# pregnant and abandoned. plz help!



## angelgal (Jul 25, 2011)

I have been a homemaker for the last five years with my husband as the sole bread-winner. I'm 9 weeks pregnant and have a four year son both by my husband. I ended up in the hospital for just about a month from April to late may, and when I got home he couldn’t get enough of me romantically!

About 3 weeks ago or so I discovered his PA through phone records I NEVER check. I had a dream about this the night before I found out, and must have been picking up on it, but I was shocked! I looked her up on his facebook at the same time as I was checking the phone records, and thought I MUST be wrong! She isn't exactly someone I had considered a threat...about almost 20 yrs older, and some months ago he had described her as an adoring older aunt(?). Kinky!

He admitted to an affair within 5 minutes of confrontation and told me that it became physical a week after I went into the hospital! He has been sleeping with her about 4-5 months now. He had been sleeping with me the whole time too. I was very outwardly calm through that first discovery process.

The day I found out, he told me he was done with the marriage. Ouch. Told "loves me but is not sure if he is in love" and has been unhappy for the last year or so. He was REALLY cold the night I found out, and outright angry and cruel the next day. i feel like he has re-written so much of our history. I just wasn't in the same marriage he's describing. He has yet to show any REAL remorse. I spoke to this 'woman' right after I found out and was very level headed and did not lash out. She said she was ashamed of herself and would not now, or in the future, be with him again. Yeah right. She seemed shocked that he was not truthful with HER (not telling her about the pregnancy, assuming we weren't having sex, and implying that I wanted out)!

I've made some typical mistakes, especially the first day or so. Initially I told him how much we need him, tried to reason with him telling him children are much better off in two parent households among other things, and told him that what he was doing was morally outrageous. I asked him to please understand how this affected me and our unborn child, how much we would need him during the pregnancy and in the months after, and that he meant everything to me and I would do ANYTHING to make things better. I could go on and on. Yuck again!

I have been following my own instinct for self protection, as well as picking up and implementing advice I've gotten online and elsewhere. For example agreeing with everything he says no matter how outrageous (takes the wind out of his sails, and keeps me safer from his anger!), speaking softly and kindly, being as nonchalant as possible (this one is hard sometimes), acting happy (and genuinely BEING happy more than I would have thought), spending time with positive friends, not asking/begging him to stay, not trying to reason with him, not using my son and unborn child against him, making sure I look, smell good, and feel good.

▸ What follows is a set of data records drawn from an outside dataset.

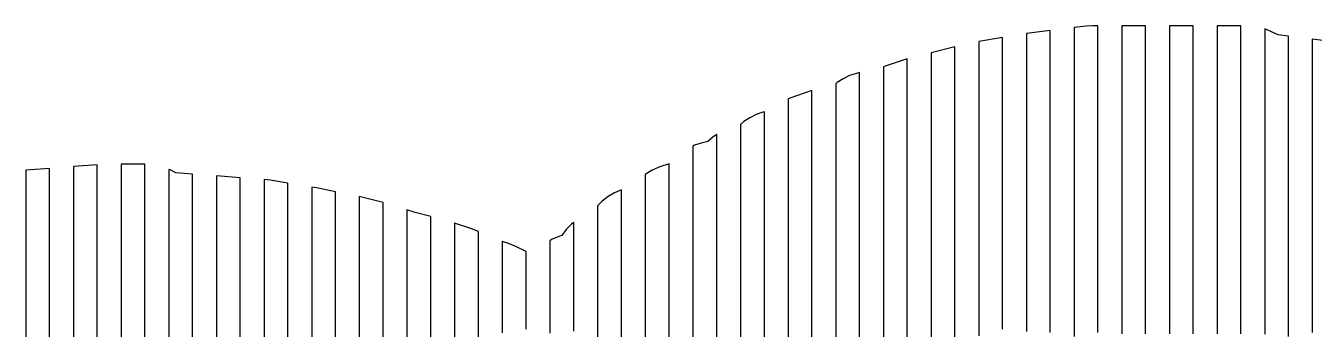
# Model space of a CAD drawing. Header units: millimetres. Extents: x -6 to 1890, y -8 to 898.
# Drawn here: x 517.6 to 733.9, y 626.4 to 677.4 of the extents above; entities that cross this region are included whole.
import ezdxf

# ---------------------------------------------------------------- set-up
doc = ezdxf.new("R2010")
doc.units = ezdxf.units.MM
doc.layers.add('PASSADAS_COMPLETAS', color=1, linetype='CONTINUOUS')
doc.layers.add('PECAS_2D', color=3, linetype='CONTINUOUS')

msp = doc.modelspace()

# ---------------------------------------------------------------- linework, layer by layer
at = {"layer": 'PASSADAS_COMPLETAS'}
for points in [[(697.578, 625.827), (697.578, 627.116), (697.578, 628.405), (697.578, 629.694), (697.578, 630.982), (697.578, 660.624), (697.578, 661.913), (697.578, 663.202), (697.578, 664.49), (697.578, 665.779), (697.578, 669.646), (697.578, 670.934), (697.578, 672.223), (697.578, 677.378), (696.716, 677.378), (695.587, 677.308), (693.578, 677.057), (693.578, 671.867), (693.578, 670.57), (693.578, 666.678), (693.578, 665.38), (693.578, 664.083), (693.578, 662.785), (693.578, 661.488), (693.578, 660.191), (693.578, 629.053), (693.578, 627.756), (693.578, 626.458), (693.578, 625.161)], [(705.578, 625.58), (705.578, 626.875), (705.578, 628.17), (705.578, 629.465), (705.578, 630.759), (705.578, 660.544), (705.578, 661.839), (705.578, 663.134), (705.578, 664.428), (705.578, 665.723), (705.578, 668.313), (705.578, 672.198), (705.578, 673.493), (705.578, 677.378), (701.578, 677.378), (701.578, 672.198), (701.578, 670.903), (701.578, 667.018), (701.578, 665.723), (701.578, 664.428), (701.578, 663.134), (701.578, 661.839), (701.578, 660.544), (701.578, 630.759), (701.578, 629.465), (701.578, 628.17), (701.578, 626.875), (701.578, 625.58)], [(713.578, 625.58), (713.578, 626.875), (713.578, 628.17), (713.578, 629.465), (713.578, 630.759), (713.578, 660.544), (713.578, 661.839), (713.578, 663.134), (713.578, 664.428), (713.578, 665.723), (713.578, 669.608), (713.578, 672.198), (713.578, 673.493), (713.578, 677.378), (709.578, 677.378), (709.578, 673.493), (709.578, 672.198), (709.578, 668.313), (709.578, 665.723), (709.578, 664.428), (709.578, 663.134), (709.578, 661.839), (709.578, 660.544), (709.578, 630.759), (709.578, 629.465), (709.578, 628.17), (709.578, 626.875), (709.578, 625.58)], [(721.578, 625.58), (721.578, 626.875), (721.578, 628.17), (721.578, 629.465), (721.578, 630.759), (721.578, 660.544), (721.578, 661.839), (721.578, 663.134), (721.578, 664.428), (721.578, 665.723), (721.578, 669.608), (721.578, 670.903), (721.578, 672.198), (721.578, 677.378), (717.578, 677.378), (717.578, 673.493), (717.578, 672.198), (717.578, 668.313), (717.578, 665.723), (717.578, 664.428), (717.578, 663.134), (717.578, 661.839), (717.578, 660.544), (717.578, 630.759), (717.578, 629.465), (717.578, 628.17), (717.578, 626.875), (717.578, 625.58)], [(681.578, 626.343), (681.578, 658.625), (681.578, 659.916), (681.578, 661.207), (681.578, 662.499), (681.578, 666.372), (681.578, 668.955), (681.578, 670.246), (681.578, 675.412), (677.578, 674.745), (677.578, 669.534), (677.578, 668.231), (677.578, 664.323), (677.578, 663.021), (677.578, 661.718), (677.578, 660.415), (677.578, 659.113), (677.578, 657.81), (677.578, 656.507), (677.578, 625.242)], [(689.578, 625.814), (689.578, 627.115), (689.578, 628.416), (689.578, 629.717), (689.578, 659.643), (689.578, 660.944), (689.578, 662.245), (689.578, 663.546), (689.578, 664.847), (689.578, 668.75), (689.578, 670.051), (689.578, 671.352), (689.578, 676.557), (685.578, 676.057), (685.578, 670.922), (685.578, 669.639), (685.578, 665.788), (685.578, 664.505), (685.578, 663.221), (685.578, 661.937), (685.578, 660.654), (685.578, 659.37), (685.578, 658.087), (685.578, 628.564), (685.578, 627.281), (685.578, 625.997)], [(729.578, 625.143), (729.578, 626.437), (729.578, 627.731), (729.578, 629.025), (729.578, 660.077), (729.578, 661.371), (729.578, 662.665), (729.578, 663.959), (729.578, 665.252), (729.578, 669.134), (729.578, 670.428), (729.578, 671.722), (729.578, 675.603), (727.828, 675.822), (726.637, 676.417), (725.578, 676.849), (725.578, 671.717), (725.578, 670.434), (725.578, 666.585), (725.578, 665.302), (725.578, 664.019), (725.578, 662.736), (725.578, 661.453), (725.578, 660.171), (725.578, 630.663), (725.578, 629.38), (725.578, 628.097), (725.578, 626.814), (725.578, 625.531)], [(736.623, 674.723), (733.578, 675.103), (733.578, 671.21), (733.578, 669.912), (733.578, 666.019), (733.578, 664.721), (733.578, 663.424), (733.578, 662.126), (733.578, 660.828), (733.578, 659.53), (733.578, 629.683), (733.578, 628.385), (733.578, 627.087), (733.578, 625.79)], [(673.578, 624.356), (673.578, 656.893), (673.578, 658.195), (673.578, 659.496), (673.578, 660.798), (673.578, 662.099), (673.578, 666.004), (673.578, 667.305), (673.578, 668.607), (673.578, 673.813), (669.578, 672.813), (669.578, 667.615), (669.578, 666.316), (669.578, 662.417), (669.578, 659.819), (669.578, 658.519), (669.578, 657.22), (669.578, 655.92), (669.578, 623.435)], [(665.578, 621.845), (665.578, 653.863), (665.578, 655.143), (665.578, 656.424), (665.578, 657.705), (665.578, 658.985), (665.578, 662.828), (665.578, 665.389), (665.578, 666.67), (665.578, 671.792), (661.854, 670.559), (661.578, 670.49), (661.578, 665.303), (661.578, 664.006), (661.578, 660.116), (661.578, 657.523), (661.578, 656.226), (661.578, 654.929), (661.578, 653.632), (661.578, 652.336), (661.578, 619.918)], [(657.578, 617.903), (657.578, 651.434), (657.578, 652.724), (657.578, 654.013), (657.578, 655.303), (657.578, 656.593), (657.578, 660.462), (657.578, 663.041), (657.578, 664.331), (657.578, 669.49), (657.023, 669.351), (655.885, 668.985), (654.796, 668.469), (653.785, 667.813), (653.578, 667.637), (653.578, 662.411), (653.578, 661.105), (653.578, 655.88), (653.578, 654.573), (653.578, 653.267), (653.578, 651.96), (653.578, 650.654), (653.578, 616.688)], [(649.578, 612.154), (649.578, 648.362), (649.578, 649.655), (649.578, 650.948), (649.578, 652.242), (649.578, 653.535), (649.578, 657.414), (649.578, 660.001), (649.578, 661.294), (649.578, 666.466), (646.011, 665.278), (645.578, 665.095), (645.578, 659.927), (645.578, 658.635), (645.578, 654.759), (645.578, 652.174), (645.578, 650.882), (645.578, 649.59), (645.578, 648.298), (645.578, 647.006), (645.578, 609.537)], [(641.578, 608.174), (641.578, 643.349), (641.578, 644.651), (641.578, 645.954), (641.578, 647.257), (641.578, 648.56), (641.578, 649.862), (641.578, 653.771), (641.578, 656.376), (641.578, 657.679), (641.578, 662.89), (641.306, 662.834), (640.193, 662.449), (639.134, 661.92), (638.157, 661.262), (637.578, 660.753), (637.578, 655.595), (637.578, 654.306), (637.578, 650.438), (637.578, 649.149), (637.578, 647.859), (637.578, 646.57), (637.578, 645.281), (637.578, 643.991), (637.578, 642.702), (637.578, 605.311)], [(633.578, 602.64), (633.578, 639.836), (633.578, 641.118), (633.578, 642.401), (633.578, 643.684), (633.578, 644.966), (633.578, 646.249), (633.578, 650.097), (633.578, 652.662), (633.578, 653.945), (633.578, 659.075), (632.987, 658.677), (632.104, 657.899), (630.965, 657.663), (629.852, 657.278), (629.578, 657.141), (629.578, 651.959), (629.578, 650.664), (629.578, 646.777), (629.578, 644.186), (629.578, 642.89), (629.578, 641.595), (629.578, 640.299), (629.578, 639.004), (629.578, 637.708), (629.578, 600.137)], [(521.578, 605.495), (521.578, 636.564), (521.578, 637.859), (521.578, 639.153), (521.578, 640.448), (521.578, 644.331), (521.578, 646.92), (521.578, 648.215), (521.578, 653.393), (517.578, 653.085), (517.578, 647.895), (517.578, 646.598), (517.578, 642.705), (517.578, 641.407), (517.578, 640.11), (517.578, 638.812), (517.578, 637.515), (517.578, 636.217), (517.578, 606.373)], [(529.578, 607.694), (529.578, 637.284), (529.578, 638.57), (529.578, 639.857), (529.578, 641.143), (529.578, 642.43), (529.578, 646.289), (529.578, 647.576), (529.578, 648.862), (529.578, 654.008), (525.578, 653.701), (525.578, 648.535), (525.578, 647.243), (525.578, 642.077), (525.578, 640.786), (525.578, 639.494), (525.578, 638.203), (525.578, 636.911), (525.578, 605.916)], [(537.578, 607.492), (537.578, 637.277), (537.578, 638.572), (537.578, 639.867), (537.578, 641.161), (537.578, 642.456), (537.578, 646.341), (537.578, 647.636), (537.578, 648.931), (537.578, 654.111), (533.578, 654.111), (533.578, 648.931), (533.578, 647.636), (533.578, 643.751), (533.578, 642.456), (533.578, 641.161), (533.578, 639.867), (533.578, 638.572), (533.578, 637.277), (533.578, 607.492)], [(625.578, 596.798), (625.578, 634.603), (625.578, 635.907), (625.578, 637.211), (625.578, 638.514), (625.578, 639.818), (625.578, 641.121), (625.578, 645.032), (625.578, 647.64), (625.578, 648.943), (625.578, 654.158), (624.037, 653.644), (622.745, 653.1), (621.578, 652.378), (621.578, 647.154), (621.578, 645.847), (621.578, 640.622), (621.578, 638.01), (621.578, 636.704), (621.578, 635.398), (621.578, 634.091), (621.578, 632.785), (621.578, 594.905)], [(545.578, 605.72), (545.578, 636.867), (545.578, 638.164), (545.578, 639.462), (545.578, 640.76), (545.578, 642.058), (545.578, 647.249), (545.578, 648.547), (545.578, 652.44), (542.785, 652.655), (541.794, 653.15), (541.578, 653.238), (541.578, 649.32), (541.578, 648.014), (541.578, 644.096), (541.578, 642.79), (541.578, 641.484), (541.578, 640.178), (541.578, 638.872), (541.578, 637.566), (541.578, 607.528)], [(553.578, 606.107), (553.578, 636.15), (553.578, 637.456), (553.578, 638.763), (553.578, 640.069), (553.578, 641.375), (553.578, 645.294), (553.578, 646.6), (553.578, 647.906), (553.578, 651.825), (549.578, 652.132), (549.578, 648.229), (549.578, 646.929), (549.578, 641.725), (549.578, 640.424), (549.578, 639.123), (549.578, 637.822), (549.578, 636.521), (549.578, 606.598)], [(561.578, 603.155), (561.578, 634.13), (561.578, 635.42), (561.578, 636.711), (561.578, 638.001), (561.578, 639.292), (561.578, 640.583), (561.578, 645.745), (561.578, 647.036), (561.578, 650.907), (558.61, 651.402), (557.578, 651.517), (557.578, 647.663), (557.578, 646.378), (557.578, 642.524), (557.578, 641.24), (557.578, 639.955), (557.578, 638.67), (557.578, 637.386), (557.578, 636.101), (557.578, 605.268)], [(569.578, 601.908), (569.578, 634.046), (569.578, 635.331), (569.578, 636.617), (569.578, 637.902), (569.578, 641.759), (569.578, 644.33), (569.578, 645.615), (569.578, 649.472), (566.365, 650.109), (565.578, 650.241), (565.578, 646.335), (565.578, 645.033), (565.578, 641.127), (565.578, 639.826), (565.578, 638.524), (565.578, 637.222), (565.578, 635.92), (565.578, 634.618), (565.578, 603.372)], [(617.578, 593.063), (617.578, 629.148), (617.578, 630.436), (617.578, 631.725), (617.578, 633.014), (617.578, 634.303), (617.578, 635.591), (617.578, 639.458), (617.578, 642.035), (617.578, 643.324), (617.578, 649.768), (616.435, 649.299), (615.355, 648.672), (614.366, 647.899), (613.578, 647.086), (613.578, 640.671), (613.578, 639.389), (613.578, 635.54), (613.578, 632.974), (613.578, 631.691), (613.578, 630.408), (613.578, 629.126), (613.578, 627.843), (613.578, 626.56), (613.578, 591.922)], [(577.578, 599.393), (577.578, 632.005), (577.578, 633.31), (577.578, 634.614), (577.578, 635.919), (577.578, 637.223), (577.578, 641.137), (577.578, 642.441), (577.578, 643.746), (577.578, 647.659), (573.578, 648.659), (573.578, 644.768), (573.578, 643.471), (573.578, 639.58), (573.578, 638.283), (573.578, 636.986), (573.578, 635.689), (573.578, 634.391), (573.578, 631.797), (573.578, 600.667)], [(585.578, 597.497), (585.578, 629.821), (585.578, 631.114), (585.578, 632.407), (585.578, 633.7), (585.578, 634.992), (585.578, 638.871), (585.578, 640.164), (585.578, 641.457), (585.578, 645.336), (582.927, 645.999), (581.578, 646.449), (581.578, 642.527), (581.578, 641.22), (581.578, 637.298), (581.578, 635.991), (581.578, 634.684), (581.578, 633.376), (581.578, 632.069), (581.578, 630.762), (581.578, 598.082)], [(593.578, 593.574), (593.578, 627.234), (593.578, 628.529), (593.578, 629.823), (593.578, 631.118), (593.578, 632.413), (593.578, 636.297), (593.578, 637.591), (593.578, 638.886), (593.578, 642.77), (592.307, 643.303), (589.578, 644.213), (589.578, 640.32), (589.578, 639.023), (589.578, 635.13), (589.578, 633.833), (589.578, 632.535), (589.578, 631.237), (589.578, 629.94), (589.578, 628.642), (589.578, 594.907)], [(609.578, 626.037), (609.578, 627.343), (609.578, 628.649), (609.578, 629.955), (609.578, 633.873), (609.578, 636.485), (609.578, 637.791), (609.578, 644.32), (609.196, 644.022), (608.327, 643.125), (607.598, 642.132), (607.233, 642.011), (605.961, 641.477), (605.578, 641.241), (605.578, 634.761), (605.578, 633.465), (605.578, 629.577), (605.578, 626.985), (605.578, 625.689)], [(601.578, 626.345), (601.578, 627.652), (601.578, 628.959), (601.578, 632.88), (601.578, 634.188), (601.578, 635.495), (601.578, 639.416), (599.962, 640.224), (598.77, 640.718), (597.578, 641.115), (597.578, 637.274), (597.578, 635.993), (597.578, 632.152), (597.578, 630.871), (597.578, 629.591), (597.578, 628.31), (597.578, 627.03), (597.578, 625.749)]]:
    msp.add_lwpolyline(points, dxfattribs=at)
at = {"layer": 'PECAS_2D'}
for points in [[(697.578, 625.827), (697.578, 627.116), (697.578, 628.405), (697.578, 629.694), (697.578, 630.982), (697.578, 660.624), (697.578, 661.913), (697.578, 663.202), (697.578, 664.49), (697.578, 665.779), (697.578, 669.646), (697.578, 670.934), (697.578, 672.223), (697.578, 677.378), (696.716, 677.378), (695.587, 677.308), (693.578, 677.057), (693.578, 671.867), (693.578, 670.57), (693.578, 666.678), (693.578, 665.38), (693.578, 664.083), (693.578, 662.785), (693.578, 661.488), (693.578, 660.191), (693.578, 629.053), (693.578, 627.756), (693.578, 626.458), (693.578, 625.161)], [(705.578, 625.58), (705.578, 626.875), (705.578, 628.17), (705.578, 629.465), (705.578, 630.759), (705.578, 660.544), (705.578, 661.839), (705.578, 663.134), (705.578, 664.428), (705.578, 665.723), (705.578, 668.313), (705.578, 672.198), (705.578, 673.493), (705.578, 677.378), (701.578, 677.378), (701.578, 672.198), (701.578, 670.903), (701.578, 667.018), (701.578, 665.723), (701.578, 664.428), (701.578, 663.134), (701.578, 661.839), (701.578, 660.544), (701.578, 630.759), (701.578, 629.465), (701.578, 628.17), (701.578, 626.875), (701.578, 625.58)], [(713.578, 625.58), (713.578, 626.875), (713.578, 628.17), (713.578, 629.465), (713.578, 630.759), (713.578, 660.544), (713.578, 661.839), (713.578, 663.134), (713.578, 664.428), (713.578, 665.723), (713.578, 669.608), (713.578, 672.198), (713.578, 673.493), (713.578, 677.378), (709.578, 677.378), (709.578, 673.493), (709.578, 672.198), (709.578, 668.313), (709.578, 665.723), (709.578, 664.428), (709.578, 663.134), (709.578, 661.839), (709.578, 660.544), (709.578, 630.759), (709.578, 629.465), (709.578, 628.17), (709.578, 626.875), (709.578, 625.58)], [(721.578, 625.58), (721.578, 626.875), (721.578, 628.17), (721.578, 629.465), (721.578, 630.759), (721.578, 660.544), (721.578, 661.839), (721.578, 663.134), (721.578, 664.428), (721.578, 665.723), (721.578, 669.608), (721.578, 670.903), (721.578, 672.198), (721.578, 677.378), (717.578, 677.378), (717.578, 673.493), (717.578, 672.198), (717.578, 668.313), (717.578, 665.723), (717.578, 664.428), (717.578, 663.134), (717.578, 661.839), (717.578, 660.544), (717.578, 630.759), (717.578, 629.465), (717.578, 628.17), (717.578, 626.875), (717.578, 625.58)], [(681.578, 626.343), (681.578, 658.625), (681.578, 659.916), (681.578, 661.207), (681.578, 662.499), (681.578, 666.372), (681.578, 668.955), (681.578, 670.246), (681.578, 675.412), (677.578, 674.745), (677.578, 669.534), (677.578, 668.231), (677.578, 664.323), (677.578, 663.021), (677.578, 661.718), (677.578, 660.415), (677.578, 659.113), (677.578, 657.81), (677.578, 656.507), (677.578, 625.242)], [(689.578, 625.814), (689.578, 627.115), (689.578, 628.416), (689.578, 629.717), (689.578, 659.643), (689.578, 660.944), (689.578, 662.245), (689.578, 663.546), (689.578, 664.847), (689.578, 668.75), (689.578, 670.051), (689.578, 671.352), (689.578, 676.557), (685.578, 676.057), (685.578, 670.922), (685.578, 669.639), (685.578, 665.788), (685.578, 664.505), (685.578, 663.221), (685.578, 661.937), (685.578, 660.654), (685.578, 659.37), (685.578, 658.087), (685.578, 628.564), (685.578, 627.281), (685.578, 625.997)], [(729.578, 625.143), (729.578, 626.437), (729.578, 627.731), (729.578, 629.025), (729.578, 660.077), (729.578, 661.371), (729.578, 662.665), (729.578, 663.959), (729.578, 665.252), (729.578, 669.134), (729.578, 670.428), (729.578, 671.722), (729.578, 675.603), (727.828, 675.822), (726.637, 676.417), (725.578, 676.849), (725.578, 671.717), (725.578, 670.434), (725.578, 666.585), (725.578, 665.302), (725.578, 664.019), (725.578, 662.736), (725.578, 661.453), (725.578, 660.171), (725.578, 630.663), (725.578, 629.38), (725.578, 628.097), (725.578, 626.814), (725.578, 625.531)], [(736.623, 674.723), (733.578, 675.103), (733.578, 671.21), (733.578, 669.912), (733.578, 666.019), (733.578, 664.721), (733.578, 663.424), (733.578, 662.126), (733.578, 660.828), (733.578, 659.53), (733.578, 629.683), (733.578, 628.385), (733.578, 627.087), (733.578, 625.79)], [(673.578, 624.356), (673.578, 656.893), (673.578, 658.195), (673.578, 659.496), (673.578, 660.798), (673.578, 662.099), (673.578, 666.004), (673.578, 667.305), (673.578, 668.607), (673.578, 673.813), (669.578, 672.813), (669.578, 667.615), (669.578, 666.316), (669.578, 662.417), (669.578, 659.819), (669.578, 658.519), (669.578, 657.22), (669.578, 655.92), (669.578, 623.435)], [(665.578, 621.845), (665.578, 653.863), (665.578, 655.143), (665.578, 656.424), (665.578, 657.705), (665.578, 658.985), (665.578, 662.828), (665.578, 665.389), (665.578, 666.67), (665.578, 671.792), (661.854, 670.559), (661.578, 670.49), (661.578, 665.303), (661.578, 664.006), (661.578, 660.116), (661.578, 657.523), (661.578, 656.226), (661.578, 654.929), (661.578, 653.632), (661.578, 652.336), (661.578, 619.918)], [(657.578, 617.903), (657.578, 651.434), (657.578, 652.724), (657.578, 654.013), (657.578, 655.303), (657.578, 656.593), (657.578, 660.462), (657.578, 663.041), (657.578, 664.331), (657.578, 669.49), (657.023, 669.351), (655.885, 668.985), (654.796, 668.469), (653.785, 667.813), (653.578, 667.637), (653.578, 662.411), (653.578, 661.105), (653.578, 655.88), (653.578, 654.573), (653.578, 653.267), (653.578, 651.96), (653.578, 650.654), (653.578, 616.688)], [(649.578, 612.154), (649.578, 648.362), (649.578, 649.655), (649.578, 650.948), (649.578, 652.242), (649.578, 653.535), (649.578, 657.414), (649.578, 660.001), (649.578, 661.294), (649.578, 666.466), (646.011, 665.278), (645.578, 665.095), (645.578, 659.927), (645.578, 658.635), (645.578, 654.759), (645.578, 652.174), (645.578, 650.882), (645.578, 649.59), (645.578, 648.298), (645.578, 647.006), (645.578, 609.537)], [(641.578, 608.174), (641.578, 643.349), (641.578, 644.651), (641.578, 645.954), (641.578, 647.257), (641.578, 648.56), (641.578, 649.862), (641.578, 653.771), (641.578, 656.376), (641.578, 657.679), (641.578, 662.89), (641.306, 662.834), (640.193, 662.449), (639.134, 661.92), (638.157, 661.262), (637.578, 660.753), (637.578, 655.595), (637.578, 654.306), (637.578, 650.438), (637.578, 649.149), (637.578, 647.859), (637.578, 646.57), (637.578, 645.281), (637.578, 643.991), (637.578, 642.702), (637.578, 605.311)], [(633.578, 602.64), (633.578, 639.836), (633.578, 641.118), (633.578, 642.401), (633.578, 643.684), (633.578, 644.966), (633.578, 646.249), (633.578, 650.097), (633.578, 652.662), (633.578, 653.945), (633.578, 659.075), (632.987, 658.677), (632.104, 657.899), (630.965, 657.663), (629.852, 657.278), (629.578, 657.141), (629.578, 651.959), (629.578, 650.664), (629.578, 646.777), (629.578, 644.186), (629.578, 642.89), (629.578, 641.595), (629.578, 640.299), (629.578, 639.004), (629.578, 637.708), (629.578, 600.137)], [(521.578, 605.495), (521.578, 636.564), (521.578, 637.859), (521.578, 639.153), (521.578, 640.448), (521.578, 644.331), (521.578, 646.92), (521.578, 648.215), (521.578, 653.393), (517.578, 653.085), (517.578, 647.895), (517.578, 646.598), (517.578, 642.705), (517.578, 641.407), (517.578, 640.11), (517.578, 638.812), (517.578, 637.515), (517.578, 636.217), (517.578, 606.373)], [(529.578, 607.694), (529.578, 637.284), (529.578, 638.57), (529.578, 639.857), (529.578, 641.143), (529.578, 642.43), (529.578, 646.289), (529.578, 647.576), (529.578, 648.862), (529.578, 654.008), (525.578, 653.701), (525.578, 648.535), (525.578, 647.243), (525.578, 642.077), (525.578, 640.786), (525.578, 639.494), (525.578, 638.203), (525.578, 636.911), (525.578, 605.916)], [(537.578, 607.492), (537.578, 637.277), (537.578, 638.572), (537.578, 639.867), (537.578, 641.161), (537.578, 642.456), (537.578, 646.341), (537.578, 647.636), (537.578, 648.931), (537.578, 654.111), (533.578, 654.111), (533.578, 648.931), (533.578, 647.636), (533.578, 643.751), (533.578, 642.456), (533.578, 641.161), (533.578, 639.867), (533.578, 638.572), (533.578, 637.277), (533.578, 607.492)], [(625.578, 596.798), (625.578, 634.603), (625.578, 635.907), (625.578, 637.211), (625.578, 638.514), (625.578, 639.818), (625.578, 641.121), (625.578, 645.032), (625.578, 647.64), (625.578, 648.943), (625.578, 654.158), (624.037, 653.644), (622.745, 653.1), (621.578, 652.378), (621.578, 647.154), (621.578, 645.847), (621.578, 640.622), (621.578, 638.01), (621.578, 636.704), (621.578, 635.398), (621.578, 634.091), (621.578, 632.785), (621.578, 594.905)], [(545.578, 605.72), (545.578, 636.867), (545.578, 638.164), (545.578, 639.462), (545.578, 640.76), (545.578, 642.058), (545.578, 647.249), (545.578, 648.547), (545.578, 652.44), (542.785, 652.655), (541.794, 653.15), (541.578, 653.238), (541.578, 649.32), (541.578, 648.014), (541.578, 644.096), (541.578, 642.79), (541.578, 641.484), (541.578, 640.178), (541.578, 638.872), (541.578, 637.566), (541.578, 607.528)], [(553.578, 606.107), (553.578, 636.15), (553.578, 637.456), (553.578, 638.763), (553.578, 640.069), (553.578, 641.375), (553.578, 645.294), (553.578, 646.6), (553.578, 647.906), (553.578, 651.825), (549.578, 652.132), (549.578, 648.229), (549.578, 646.929), (549.578, 641.725), (549.578, 640.424), (549.578, 639.123), (549.578, 637.822), (549.578, 636.521), (549.578, 606.598)], [(561.578, 603.155), (561.578, 634.13), (561.578, 635.42), (561.578, 636.711), (561.578, 638.001), (561.578, 639.292), (561.578, 640.583), (561.578, 645.745), (561.578, 647.036), (561.578, 650.907), (558.61, 651.402), (557.578, 651.517), (557.578, 647.663), (557.578, 646.378), (557.578, 642.524), (557.578, 641.24), (557.578, 639.955), (557.578, 638.67), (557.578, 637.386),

I’m genuinely doing everything I can to move on! His behavior has changed a bit, and his heart seems to be softening AT TIMES. The other night he told me that he really does love and care for me, and this was NOT an easy decision. He told me he is happy, but really sad too. He said that part of the reason he has to leave me is that he wasn’t able to appreciate all the wonderful things about me as I deserved, but now he could again. I just listened sweetly. Contrast that with the last few days of him taking out his anger on me SO coldly.

None-the-less, he left us a couple weeks ago and has been staying with the OW. Since he has left I have had a harder time being distant and light-hearted with him. I am so angry that he isn't being with our son as much as possible! He even took my car a week ago and refuses to give it back so I can get to ob appointment, etc. There have been a couple days where I haven't been able to hold my tongue, and of course, all I get is defensive anger and insults in return. The OW has even begun to get involved when we disagree, and started texting me REALLY inappropriate things. Cruel things. I got caught up and was a little snarky in return, but was NOT as MEAN! Communicating with her is a mistake that I WILL NOT repeat. She should be SOOO proud to have gotten a rise out of the pregnant and hormonal wife! My goodness. Although I DO have good days, my heart is broken for my sweet children and myself!

I love my husband so much and a sneaky part of me really wants to be with him, at the very least for our children. I at LEAST want the option to choose! It feels horrible to find myself pregnant and alone. I don't know this man who cares not a whit about our feelings! 

I have fallen “in” and “out” of love during our five year marriage but believe that love isn’t only a feeling. It is action and commitment as well! If you have any help to offer or specific instructions or tips regarding things that have worked for you or even encouraging words, I would be SO grateful!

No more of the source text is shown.